Hello,
I need your help regarding transcription factors and their gene targets (association with protein coding genes).
What do I have?
List of several protein coding genes and experimentally confirmed variants located in their cis-regulatory elements (CREs), up to 3kbp from TSS in cancer cell lines.
What do I want to achieve?
I'd like to check the influence of the variants on TFBS. The example result: wild version of gene A it's a target (is regulated) by some transcription factor, let's say MYC. However mutated version of this gene (some sequence variants near TSS - in regulatory region) is regulated by different transcription factor or due to mutations the association between this gene and MYC is weakened or even removed. Therefore we can say the expression of gene A is altered due to the variants in cis-regulatory elements in cancer cells. Then after this in silico analysis I'd like to perform some functional analysis in wet lab. I was thinking to take the best candidates and do some siRNA silencing of transcription factor, ChIP qPCR, transfection and cloning.
What I did so far?
I used two tools to do such analysis.
- morifbreakR (https://bioconductor.org/packages/release/bioc/html/motifbreakR.html)

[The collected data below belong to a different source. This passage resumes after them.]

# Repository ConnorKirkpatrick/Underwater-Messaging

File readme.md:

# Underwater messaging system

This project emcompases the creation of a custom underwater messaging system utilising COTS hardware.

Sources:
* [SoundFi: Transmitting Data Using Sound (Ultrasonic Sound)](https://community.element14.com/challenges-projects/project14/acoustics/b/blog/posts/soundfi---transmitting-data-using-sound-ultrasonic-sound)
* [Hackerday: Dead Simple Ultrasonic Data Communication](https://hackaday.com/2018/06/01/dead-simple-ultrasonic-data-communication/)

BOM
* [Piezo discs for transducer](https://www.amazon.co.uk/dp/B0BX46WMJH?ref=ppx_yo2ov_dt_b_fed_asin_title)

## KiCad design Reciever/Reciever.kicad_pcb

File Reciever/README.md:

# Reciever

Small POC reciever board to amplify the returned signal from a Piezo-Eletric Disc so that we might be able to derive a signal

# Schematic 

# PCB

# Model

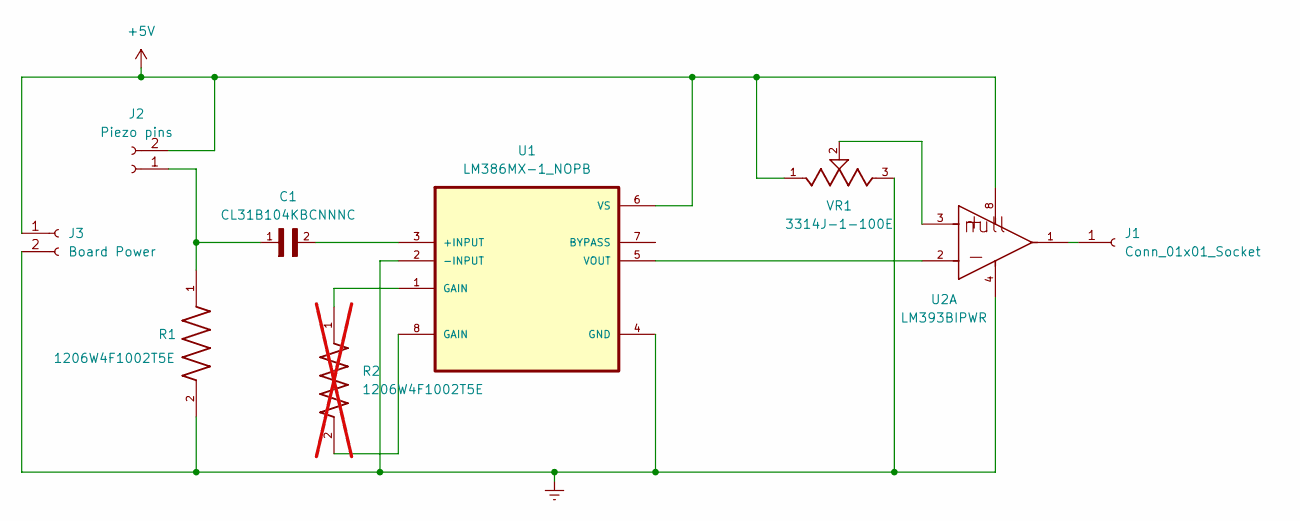
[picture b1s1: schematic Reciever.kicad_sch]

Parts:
C1: CL31B104KBCNNNC; CAPC3216X100N
J1: Conn_01x01_Socket; SolderWire-0.1sqmm_1x01_D0.4mm_OD1mm
J2: Piezo pins; SolderWire-0.5sqmm_1x02_P4.6mm_D0.9mm_OD2.1mm
J3: Board Power; SolderWire-0.1sqmm_1x02_P3.6mm_D0.4mm_OD1mm
R1: 1206W4F1002T5E; RESC3115X65N; PARTREV V3
R2: 1206W4F1002T5E; RESC3115X65N; PARTREV V3; not fitted
U1: LM386MX-1_NOPB; SOIC127P599X175-8N
U2: LM393BIPWR; PW0008A-IPC_A; PARTNUMBER LM393BIPWR; DigiKey_Part_Number 296-LM393BIPWRCT-ND
VR1: 3314J-1-100E; TRIM_3314J-1-100E

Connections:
+5V: J2.2, J3.1, U1.6 (VS), U2.8, VR1.1
GND: J3.2, R1.2, U1.2 (-INPUT), U1.4 (GND), U2.4, VR1.3
unnamed: J1.1, U2.1
unnamed: C1.1, J2.1, R1.1
unnamed: R2.1, U1.1 (GAIN)
unnamed: R2.2, U1.8 (GAIN)
unnamed: C1.2, U1.3 (+INPUT)
unnamed: U1.5 (VOUT), U2.2
unnamed: U2.3, VR1.2

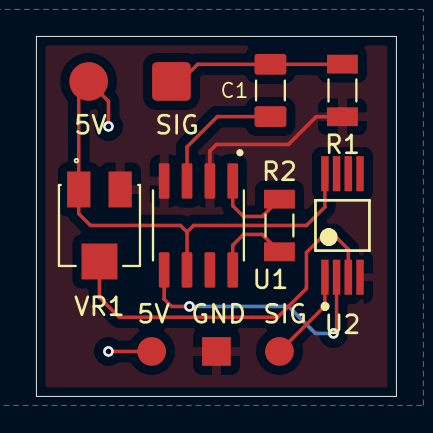
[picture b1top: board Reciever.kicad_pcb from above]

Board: 2 copper layers, 20.0 x 20.0 mm, 9 parts (0 on the bottom side), 9 nets.

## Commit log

2025-10-06 Initial commit with Reciever schematic
2025-10-06 updated to utilise more common parts
2025-10-06 updated pcb, removed dead traces
2025-10-06 Added images to the readme
2025-10-06 Updated to add resistor pad for gain, and 5v flood to CL2

- RSAT (http://rsat.sb-roscoff.fr/)
Regarding motifbreakR i set p-value relatively high, namely 0.05. Only 9 of 55 variants were considered as interesting (returned by software). Then I used matrix-scan (RSAT). I run the analysis with cisBP Homo_sapiens - [6607 motifs] (2019-06_v2.00) in transfac format. The input sequence was the region (CRE) near TSS of the gene. I decided to try this matrix-scan twice. First with wild sequence and second with mutated sequence (I inserted variants manually). I obtained two sets of transcription factors (sites) with sequences. I compared these two sets using R and I received TFs characteristic (that differs between sets) for wild and mutated sequences. So actually I did what I wanted. However, I performed the same analysis using ENCODE (Human TFs) - [2065 motifs] (2018-03) instead of cisBP and results are completely different (cisBP vs ENCODE). Moreover when I check the region of interest in UCSC GenomeBrowser with added tracks: Jaspar 2020 TFBS and Transcription Factor ChIP-seq Clusters (161 factors) from ENCODE with Factorbook Motifs there's no overlap of TFBS between ENCODE and Jaspar.
Unfortunately I need certain results before I start work in the wet lab, I'd like to avoid any false positives. So my question are:
Is my strategy correct?
Why every DB with TFBS and TF's is showing different results comparing to others?
Is there database with accurate and certain results? Which one should I believe? Is ENCODE enough?